Well, I can’t say I didn’t ask for it. I spent three months calling the Wild Hunt to me, with ritual and song and offerings and prayer, through my spirits and Odin and even Dionysos. And one by one, things were stripped from me, both human and spiritual relationships radically changed or ended altogether, and after Yule I hit a wall. I could go no further the way I had been, and no matter how much I had thought I was liberated, I was still clinging to some old and detrimental habits of practice and thinking. So I did something radical. I did nothing.
For the last five weeks or so, I dropped everything. ALL my practices, even the small daily things. ALL attempts to connect with my gods and spirits. ALL the things that seemed to make me *me*. I took on a temporary new name. I changed the way I dressed and acted. I read different books. And I sat with the paralyzing fear that this would ruin everything.
Now, this is not an approach I would advocate for everyone – though some form of it could be a useful “re-boot” in many people’s lives. In fact, some people need MORE practices and taboos and discipline, not less (or none). But this was the polar opposite of everything I was inclined to do, and it was definitely time for a shake-up. And while a Dionysian always rises to the challenge to be more free, even from themselves….
It was horrible. It was one of the most difficult ordeals I have ever endured – I would much rather hang on hooks pierced into my flesh than do this, would much rather walk on fire. But an ordeal is meant to strike at what’s most difficult for the individual, and this was it for me. I had become too attached to a certain way of doing things, and it was dangerously close to ruining my ability to actually do them at all.

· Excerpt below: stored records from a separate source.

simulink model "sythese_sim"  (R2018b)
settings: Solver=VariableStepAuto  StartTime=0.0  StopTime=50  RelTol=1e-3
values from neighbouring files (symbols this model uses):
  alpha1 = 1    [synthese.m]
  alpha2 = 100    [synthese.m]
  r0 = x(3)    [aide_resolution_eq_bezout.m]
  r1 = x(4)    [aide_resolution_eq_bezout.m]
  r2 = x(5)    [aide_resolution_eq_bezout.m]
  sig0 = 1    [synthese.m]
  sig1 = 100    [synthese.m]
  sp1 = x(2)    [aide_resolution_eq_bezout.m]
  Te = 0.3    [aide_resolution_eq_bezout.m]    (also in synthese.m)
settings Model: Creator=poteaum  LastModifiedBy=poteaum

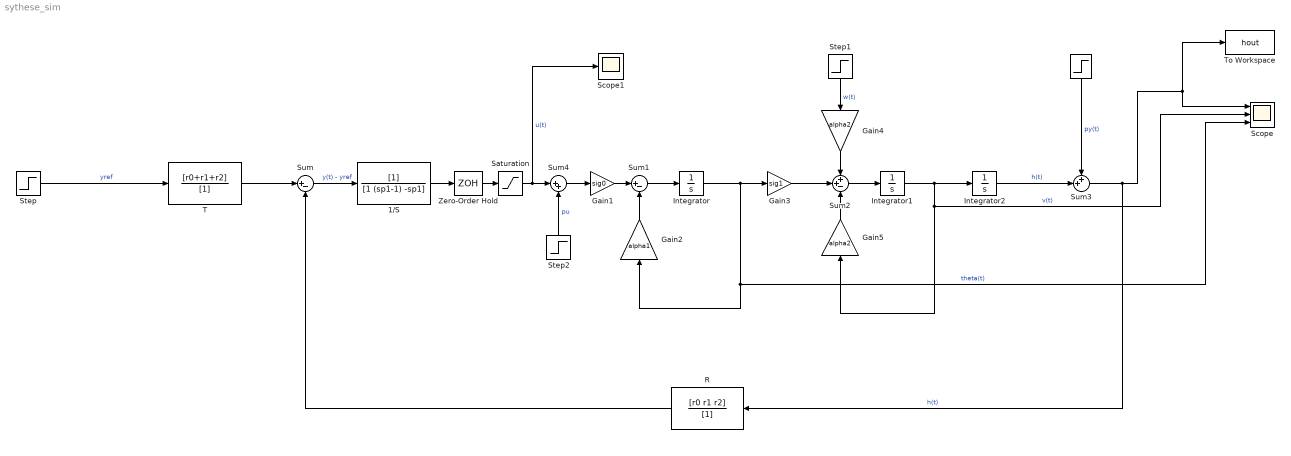
== system sythese_sim ==
  " " : Step  Time=0  After=0.1  SampleTime=0
  1/S : DiscreteFilter  Denominator=[1 (sp1-1) -sp1]
  Gain1 : Gain  Gain=sig0
  Gain2 : Gain  Gain=alpha1
  Gain3 : Gain  Gain=sig1
  Gain4 : Gain  Gain=alpha2
  Gain5 : Gain  Gain=alpha2
  Integrator : Integrator
  Integrator1 : Integrator
  Integrator2 : Integrator
  R : DiscreteFilter  Numerator=[r0 r1 r2]  Denominator=[1]
  Saturation : Saturate  UpperLimit=10  LowerLimit=-10
  Scope : Scope  NumInputPorts=3
  Scope1 : Scope
  Step : Step  Time=0  SampleTime=0
  Step1 : Step  Time=0  SampleTime=0
  Step2 : Step  Time=0  After=0.1  SampleTime=0
  Sum : Sum  Inputs=|+-
  Sum1 : Sum  Inputs=|+-
  Sum2 : Sum  Inputs=++-
  Sum3 : Sum  Inputs=++|
  Sum4 : Sum  Inputs=|++
  T : DiscreteFilter  Numerator=[r0+r1+r2]  Denominator=[1]  SampleTime=Te
  To Workspace : ToWorkspace  VariableName=hout  SaveFormat=Structure With Time  SampleTime=-1
  Zero-Order Hold : ZeroOrderHold  SampleTime=-1
  wires:
  Gain2/1 -> Sum1/2
  Sum1/1 -> Integrator/1
  Integrator/1 -> Gain2/1, Scope/3, Gain3/1  "theta(t)"
  Gain3/1 -> Sum2/2
  Gain4/1 -> Sum2/1
  Step1/1 -> Gain4/1  "w(t)"
  Sum2/1 -> Integrator1/1
  Gain5/1 -> Sum2/3
  Integrator1/1 -> Gain5/1, Scope/2, Integrator2/1  "v(t)"
  Integrator2/1 -> Sum3/2  "h(t)"
  Gain1/1 -> Sum1/1
  Sum/1 -> 1/S/1  "y(t) - yref"
  Step/1 -> T/1  "yref"
  Saturation/1 -> Sum4/1, Scope1/1  "u(t)"
  1/S/1 -> Zero-Order Hold/1
  Zero-Order Hold/1 -> Saturation/1
  R/1 -> Sum/2
  T/1 -> Sum/1
  Sum3/1 -> R/1, Scope/1, To Workspace/1  "h(t)"
  " "/1 -> Sum3/1  "py(t)"
  Sum4/1 -> Gain1/1
  Step2/1 -> Sum4/2  "pu"

I won’t go into the revelations I had during this period, or my exact issues, or what I have learned, or what I’ll be doing next. That is all rather personal, and not relevant to anyone else. But I did want to mention this Not-Doing experiment here (yes, the term is from Castaneda), because the idea itself could be helpful to someone else. Einstein said that insanity was doing the same thing over and over again and expecting different results. Sometimes you need to break the pattern, and break it hard. This is a very scary, but very effective way to do that. You just stop being you, until you feel a deep shift happen. It may be days, weeks, months, but it will happen.
This was a leap of faith for me. Faith in myself, in who I really am, and faith in my gods and spirits, and that our relationships (while founded on reciprocity) would not disappear if I let go for a little while. Especially since, as my partner kept reminding me, during this period doing nothing WAS doing the Work, letting go of everything – even those things I believed were necessary to be close to Them – was what was necessary to become TRULY connected. I missed Them, I missed doing ritual, I missed the hundred different tiny ways I included Them in my life … but as things begin again for me now, I find my whole approach and perspective changed, and an exciting new level of intimacy with Them and immersion in my Story, in ways I could have never predicted.
Dionysos is all about ekstasis, and this was in many ways as far outside of myself – and for as long – as I have ever been. It changed me, it changed my religious life, it changed my relationships significantly, it was terrifying and heart-breaking and at times really really boring, and I am so glad I took that leap, because it showed me the core of things. And it is powerful.